=== Section Start ===

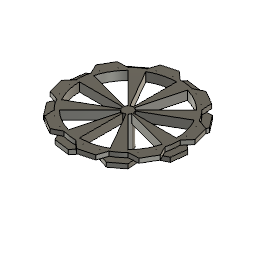
Wheel (Autodesk Fusion 360 design; units mm, degrees)
Autodesk Fusion 360 part; units mm, degrees
sketch "Sketch1" plane through (0, 0, 0) normal (0, 0, 1) x (1, 0, 0)
  circle A0 centre (0, 0) radius 35
  circle A1 centre (0, 0) radius 3.5
  line L0 (0, 0) -> (0, 35)
  line L1 (0, 0) -> (9.0587, 33.8074)
  line L2 (0, 0) -> (35, 0) construction
  line L3 (0, 35) -> (0, 40)
  line L4 (9.0587, 33.8074) -> (10.3528, 38.637)
  line L5 (10.3528, 38.637) -> (0, 40)
  line L6 (-20, 34.641) -> (-28.2843, 28.2843)
  line L7 (-24.7487, 24.7487) -> (-28.2843, 28.2843)
  line L8 (-17.5, 30.3109) -> (-20, 34.641)
  line L9 (0, 0) -> (-24.7487, 24.7487)
  line L10 (0, 0) -> (-17.5, 30.3109)
  line L11 (-38.637, 10.3528) -> (-40, 0)
  line L12 (-35, 0) -> (-40, 0)
  line L13 (-33.8074, 9.0587) -> (-38.637, 10.3528)
  line L14 (0, 0) -> (-35, 0)
  line L15 (0, 0) -> (-33.8074, 9.0587)
  line L16 (-34.641, -20) -> (-28.2843, -28.2843)
  line L17 (-24.7487, -24.7487) -> (-28.2843, -28.2843)
  line L18 (-30.3109, -17.5) -> (-34.641, -20)
  line L19 (0, 0) -> (-24.7487, -24.7487)
  line L20 (0, 0) -> (-30.3109, -17.5)
  line L21 (-10.3528, -38.637) -> (0, -40)
  line L22 (0, -35) -> (0, -40)
  line L23 (-9.0587, -33.8074) -> (-10.3528, -38.637)
  line L24 (0, 0) -> (0, -35)
  line L25 (0, 0) -> (-9.0587, -33.8074)
  line L26 (20, -34.641) -> (28.2843, -28.2843)
  line L27 (24.7487, -24.7487) -> (28.2843, -28.2843)
  line L28 (17.5, -30.3109) -> (20, -34.641)
  line L29 (0, 0) -> (24.7487, -24.7487)
  line L30 (0, 0) -> (17.5, -30.3109)
  line L31 (38.637, -10.3528) -> (40, 0)
  line L32 (35, 0) -> (40, 0)
  line L33 (33.8074, -9.0587) -> (38.637, -10.3528)
  line L34 (0, 0) -> (35, 0)
  line L35 (0, 0) -> (33.8074, -9.0587)
  line L36 (34.641, 20) -> (28.2843, 28.2843)
  line L37 (24.7487, 24.7487) -> (28.2843, 28.2843)
  line L38 (30.3109, 17.5) -> (34.641, 20)
  line L39 (0, 0) -> (24.7487, 24.7487)
  line L40 (0, 0) -> (30.3109, 17.5)
  circle A2 centre (0, 0) radius 32.5
  line L41 (38.637, -10.3528) -> (32.3341, -13.398)
  line L42 (40, 0) -> (34.7, 4.5727)
  line L43 (34.641, 20) -> (32.3375, 13.3899)
  line L44 (28.2843, 28.2843) -> (21.3032, 27.77)
  line L45 (10.3528, 38.637) -> (13.398, 32.3341)
  line L46 (0, 40) -> (-4.5727, 34.7)
  line L47 (-20, 34.641) -> (-13.3899, 32.3375)
  line L48 (-28.2843, 28.2843) -> (-27.77, 21.3032)
  line L49 (-38.637, 10.3528) -> (-32.3341, 13.398)
  line L50 (-40, 0) -> (-34.7, -4.5727)
  line L51 (-34.641, -20) -> (-32.3375, -13.3899)
  line L52 (-28.2843, -28.2843) -> (-21.3032, -27.77)
  line L53 (-10.3528, -38.637) -> (-13.398, -32.3341)
  line L54 (0, -40) -> (4.5727, -34.7)
  line L55 (20, -34.641) -> (13.3899, -32.3375)
  line L56 (28.2843, -28.2843) -> (27.77, -21.3032)
  line L57 (0, 0) -> (13.3939, -32.3358)
  line L58 (0, 0) -> (4.5684, -34.7006)
  line L59 (5.221, -39.6578) -> (15.3073, -36.9552)
  line L60 (15.3073, -36.9552) -> (17.5038, -30.3087)
  line L61 (5.221, -39.6578) -> (-0.0044, -35)
  line L62 (4.5684, -34.7006) -> (5.221, -39.6578)
  line L63 (13.3939, -32.3358) -> (15.3073, -36.9552)
  line L64 (0, 0) -> (24.7487, -24.7487)
  line L65 (0, 0) -> (17.5, -30.3109)
  line L66 (20, -34.641) -> (28.2843, -28.2843)
  line L67 (28.2843, -28.2843) -> (27.77, -21.3032)
  line L68 (20, -34.641) -> (13.3899, -32.3375)
  line L69 (17.5, -30.3109) -> (20, -34.641)
  line L70 (24.7487, -24.7487) -> (28.2843, -28.2843)
  line L71 (0, 0) -> (32.3358, -13.3939)
  line L72 (0, 0) -> (27.7674, -21.3067)
  line L73 (31.7341, -24.3505) -> (36.9552, -15.3073)
  line L74 (36.9552, -15.3073) -> (33.8085, -9.0544)
  line L75 (31.7341, -24.3505) -> (24.7456, -24.7518)
  line L76 (27.7674, -21.3067) -> (31.7341, -24.3505)
  line L77 (32.3358, -13.3939) -> (36.9552, -15.3073)
  line L78 (0, 0) -> (35, 0)
  line L79 (0, 0) -> (33.8074, -9.0587)
  line L80 (38.637, -10.3528) -> (40, 0)
  line L81 (40, 0) -> (34.7, 4.5727)
  line L82 (38.637, -10.3528) -> (32.3341, -13.398)
  line L83 (33.8074, -9.0587) -> (38.637, -10.3528)
  line L84 (35, 0) -> (40, 0)
  line L85 (0, 0) -> (32.3358, 13.3939)
  line L86 (0, 0) -> (34.7006, 4.5684)
  line L87 (39.6578, 5.221) -> (36.9552, 15.3073)
  line L88 (36.9552, 15.3073) -> (30.3087, 17.5038)
  line L89 (39.6578, 5.221) -> (35, -0.0044)
  line L90 (34.7006, 4.5684) -> (39.6578, 5.221)
  line L91 (32.3358, 13.3939) -> (36.9552, 15.3073)
  line L92 (0, 0) -> (24.7487, 24.7487)
  line L93 (0, 0) -> (30.3109, 17.5)
  line L94 (34.641, 20) -> (28.2843, 28.2843)
  line L95 (28.2843, 28.2843) -> (21.3032, 27.77)
  line L96 (34.641, 20) -> (32.3375, 13.3899)
  line L97 (30.3109, 17.5) -> (34.641, 20)
  line L98 (24.7487, 24.7487) -> (28.2843, 28.2843)
  line L99 (0, 0) -> (13.3939, 32.3358)
  line L100 (0, 0) -> (21.3067, 27.7674)
  line L101 (24.3505, 31.7341) -> (15.3073, 36.9552)
  line L102 (15.3073, 36.9552) -> (9.0544, 33.8085)
  line L103 (24.3505, 31.7341) -> (24.7518, 24.7456)
  line L104 (21.3067, 27.7674) -> (24.3505, 31.7341)
  line L105 (13.3939, 32.3358) -> (15.3073, 36.9552)
  line L106 (0, 0) -> (0, 35)
  line L107 (0, 0) -> (9.0587, 33.8074)
  line L108 (10.3528, 38.637) -> (0, 40)
  line L109 (0, 40) -> (-4.5727, 34.7)
  line L110 (10.3528, 38.637) -> (13.398, 32.3341)
  line L111 (9.0587, 33.8074) -> (10.3528, 38.637)
  line L112 (0, 35) -> (0, 40)
  line L113 (0, 0) -> (-13.3939, 32.3358)
  line L114 (0, 0) -> (-4.5684, 34.7006)
  line L115 (-5.221, 39.6578) -> (-15.3073, 36.9552)
  line L116 (-15.3073, 36.9552) -> (-17.5038, 30.3087)
  line L117 (-5.221, 39.6578) -> (0.0044, 35)
  line L118 (-4.5684, 34.7006) -> (-5.221, 39.6578)
  line L119 (-13.3939, 32.3358) -> (-15.3073, 36.9552)
  line L120 (0, 0) -> (-24.7487, 24.7487)
  line L121 (0, 0) -> (-17.5, 30.3109)
  line L122 (-20, 34.641) -> (-28.2843, 28.2843)
  line L123 (-28.2843, 28.2843) -> (-27.77, 21.3032)
  line L124 (-20, 34.641) -> (-13.3899, 32.3375)
  line L125 (-17.5, 30.3109) -> (-20, 34.641)
  line L126 (-24.7487, 24.7487) -> (-28.2843, 28.2843)
  line L127 (0, 0) -> (-32.3358, 13.3939)
  line L128 (0, 0) -> (-27.7674, 21.3067)
  line L129 (-31.7341, 24.3505) -> (-36.9552, 15.3073)
  line L130 (-36.9552, 15.3073) -> (-33.8085, 9.0544)
  line L131 (-31.7341, 24.3505) -> (-24.7456, 24.7518)
  line L132 (-27.7674, 21.3067) -> (-31.7341, 24.3505)
  line L133 (-32.3358, 13.3939) -> (-36.9552, 15.3073)
  line L134 (0, 0) -> (-35, 0)
  line L135 (0, 0) -> (-33.8074, 9.0587)
  line L136 (-38.637, 10.3528) -> (-40, 0)
  line L137 (-40, 0) -> (-34.7, -4.5727)
  line L138 (-38.637, 10.3528) -> (-32.3341, 13.398)
  line L139 (-33.8074, 9.0587) -> (-38.637, 10.3528)
  line L140 (-35, 0) -> (-40, 0)
  line L141 (0, 0) -> (-32.3358, -13.3939)
  line L142 (0, 0) -> (-34.7006, -4.5684)
  line L143 (-39.6578, -5.221) -> (-36.9552, -15.3073)
  line L144 (-36.9552, -15.3073) -> (-30.3087, -17.5038)
  line L145 (-39.6578, -5.221) -> (-35, 0.0044)
  line L146 (-34.7006, -4.5684) -> (-39.6578, -5.221)
  line L147 (-32.3358, -13.3939) -> (-36.9552, -15.3073)
  line L148 (0, 0) -> (-24.7487, -24.7487)
  line L149 (0, 0) -> (-30.3109, -17.5)
  line L150 (-34.641, -20) -> (-28.2843, -28.2843)
  line L151 (-28.2843, -28.2843) -> (-21.3032, -27.77)
  line L152 (-34.641, -20) -> (-32.3375, -13.3899)
  line L153 (-30.3109, -17.5) -> (-34.641, -20)
  line L154 (-24.7487, -24.7487) -> (-28.2843, -28.2843)
  line L155 (0, 0) -> (-13.3939, -32.3358)
  line L156 (0, 0) -> (-21.3067, -27.7674)
  line L157 (-24.3505, -31.7341) -> (-15.3073, -36.9552)
  line L158 (-15.3073, -36.9552) -> (-9.0544, -33.8085)
  line L159 (-24.3505, -31.7341) -> (-24.7518, -24.7456)
  line L160 (-21.3067, -27.7674) -> (-24.3505, -31.7341)
  line L161 (-13.3939, -32.3358) -> (-15.3073, -36.9552)
  dimension "d1" = 70
  dimension "d2" = 7
  dimension "d3" = 75
  dimension "d4" = 5
  dimension "d6" = 360
  dimension "d7" = 65
  dimension "d15" = 7
  dimension "d16" = 7
  dimension "d17" = 7
  dimension "d18" = 7
  dimension "d19" = 7
  dimension "d20" = 7
  dimension "d21" = 7
  dimension "d22" = 7
  dimension "d23" = 7
  dimension "d24" = 7
  dimension "d25" = 7
  dimension "d26" = 7
  dimension "d27" = 7
  dimension "d28" = 7
  dimension "d29" = 7
  dimension "d30" = 7
  dimension "d32" = 360
  constraint coincident A0.centre A1.centre
  constraint concentric A0 A1
  constraint coincident A0 L0.end
  constraint vertical L0
  constraint horizontal L2
  constraint parallel L0 L3
  constraint parallel L1 L4
  constraint coincident A0 L41.end
  constraint coincident A0 L42.end
  constraint coincident A0 L43.end
  constraint coincident A0 L44.end
  constraint coincident A0 L45.end
  constraint coincident A0 L46.end
  constraint coincident A0 L47.end
  constraint coincident A0 L48.end
  constraint coincident A0 L49.end
  constraint coincident A0 L50.end
  constraint coincident A0 L51.end
  constraint coincident A0 L52.end
  constraint coincident A0 L53.end
  constraint coincident A0 L54.end
  constraint coincident A0 L55.end
  constraint coincident A0 L56.end
  measures "d1" diameter of A0
  measures "d2" diameter of A1
  measures "d3" angle of L1 L2
  measures "d4" distance of L1.end L4.end
  measures "d7" diameter of A2
  measures "d15" distance of L31.start L41.end
  measures "d16" distance of L31.end L42.end
  measures "d17" distance of L36.start L43.end
  measures "d18" distance of L36.end L44.end
  measures "d19" distance of L4.end L45.end
  measures "d20" distance of L3.end L46.end
  measures "d21" distance of L6.start L47.end
  measures "d22" distance of L6.end L48.end
  measures "d23" distance of L11.start L49.end
  measures "d24" distance of L11.end L50.end
  measures "d25" distance of L16.start L51.end
  measures "d26" distance of L16.end L52.end
  measures "d27" distance of L21.start L53.end
  measures "d28" distance of L21.end L54.end
  measures "d29" distance of L26.start L55.end L0
  measures "d30" distance of L26.end L56.end
extrude "Extrude1" add sketch "Sketch1" along normal blind 5 contours A0 L34 A2 L78 L86 | A0 L32 L84 L89 | A0 L34 L35 A2 L78 L79 | A0 A2 L85 L86 | A0 L31 L32 L33 L74 L80 L83 L84 L89 | A1 L34 L35 A2 L78 L79 | A0 L33 L74 L83 | A1 L34 L78 L86 | A1 L34 L35 L78 L79 | A0 L35 A2 L71 L79 | A0 L40 A2 L85 L93 | A1 L85 L86 | A1 L35 L71 L79 | A1 L0 L106 L114 | A1 L0 L1 L106 L107 | A1 L9 L120 L128 | A1 L9 L10 L120 L121 | A1 L14 L134 L142 | A1 L14 L15 L134 L135 | A1 L19 L148 L156 | A1 L19 L20 L148 L149 | A1 L24 L58 | A1 L24 L25 | A1 L29 L64 L72 | A1 L29 L30 L64 L65 | A1 L39 L92 L100 | A1 L39 L40 L92 L93 | A1 L30 L57 L65 | A1 L57 L58 | A1 L71 L72 | A1 L40 L85 L93 | A1 L1 L99 L107 | A1 L99 L100 | A1 L10 L113 L121 | A1 L113 L114 | A1 L15 L127 L135 | A1 L127 L128 | A1 L20 L141 L149 | A1 L141 L142 | A1 L25 L155 | A1 L155 L156 | A0 A2 L71 L72 | A0 L39 L40 A2 L92 L93 | A1 L39 L40 A2 L92 L93 | A1 L0 L1 A2 L106 L107 | A1 L9 L10 A2 L120 L121 | A1 L14 L15 A2 L134 L135 | A1 L19 L20 A2 L148 L149 | A1 L24 L25 A2 | A1 L29 L30 A2 L64 L65 | A0 L29 A2 L64 L72 | A0 L38 L88 L97 | A0 L39 A2 L92 L100 | A0 L0 A2 L106 L114 | A0 L0 L1 A2 L106 L107 | A0 L1 A2 L99 L107 | A0 L9 A2 L120 L128 | A0 L9 L10 A2 L120 L121 | A0 L10 A2 L113 L121 | A0 L14 A2 L134 L142 | A0 L14 L15 A2 L134 L135 | A0 L15 A2 L127 L135 | A0 L19 A2 L148 L156 | A0 L19 L20 A2 L148 L149 | A0 L20 A2 L141 L149 | A0 L24 A2 L58 | A0 L24 L25 A2 | A0 L25 A2 L155 | A0 L29 L30 A2 L64 L65 | A0 L30 A2 L57 L65 | A0 A2 L57 L58 | A0 A2 L99 L100 | A0 A2 L113 L114 | A0 A2 L127 L128 | A0 A2 L141 L142 | A0 A2 L155 L156 | A0 L36 L37 L38 L88 L94 L97 L98 L103 | A0 L37 L98 L103 | A0 L3 L112 L117 | A0 L4 L102 L111 | A0 L7 L126 L131 | A0 L8 L116 L125 | A0 L12 L140 L145 | A0 L13 L130 L139 | A0 L17 L154 L159 | A0 L18 L144 L153 | A0 L22 L61 | A0 L23 L158 | A0 L27 L70 L75 | A0 L28 L60 L69 | A0 L3 L4 L5 L102 L108 L111 L112 L117 | A0 L6 L7 L8 L116 L122 L125 L126 L131 | A0 L11 L12 L13 L130 L136 L139 L140 L145 | A0 L16 L17 L18 L144 L150 L153 L154 L159 | A0 L21 L22 L23 L61 L158 | A0 L26 L27 L28 L60 L66 L69 L70 L75
sketch "Sketch2" plane through (0, 0, 0) normal (0, 0, -1) x (1, 0, 0)
  arc A0 (0.9059, -3.3807) -> (2.4749, -2.4749) centre (0, 0) ccw
  line L0 (2.4749, -2.4749) -> (22.981, -22.981)
  arc A1 (8.4116, -31.3926) -> (22.981, -22.981) centre (0, 0) ccw
  line L1 (8.4116, -31.3926) -> (0.9059, -3.3807)
  arc A2 (-0.9059, 3.3807) -> (-2.4749, 2.4749) centre (0, 0) ccw
  line L2 (-2.4749, 2.4749) -> (-22.981, 22.981)
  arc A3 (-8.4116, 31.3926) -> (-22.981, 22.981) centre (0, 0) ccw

=== Section End ===

Problem details
Work out how many lines of the entries hold the word "Autodesk", and write only that figure.

Completed exercise
2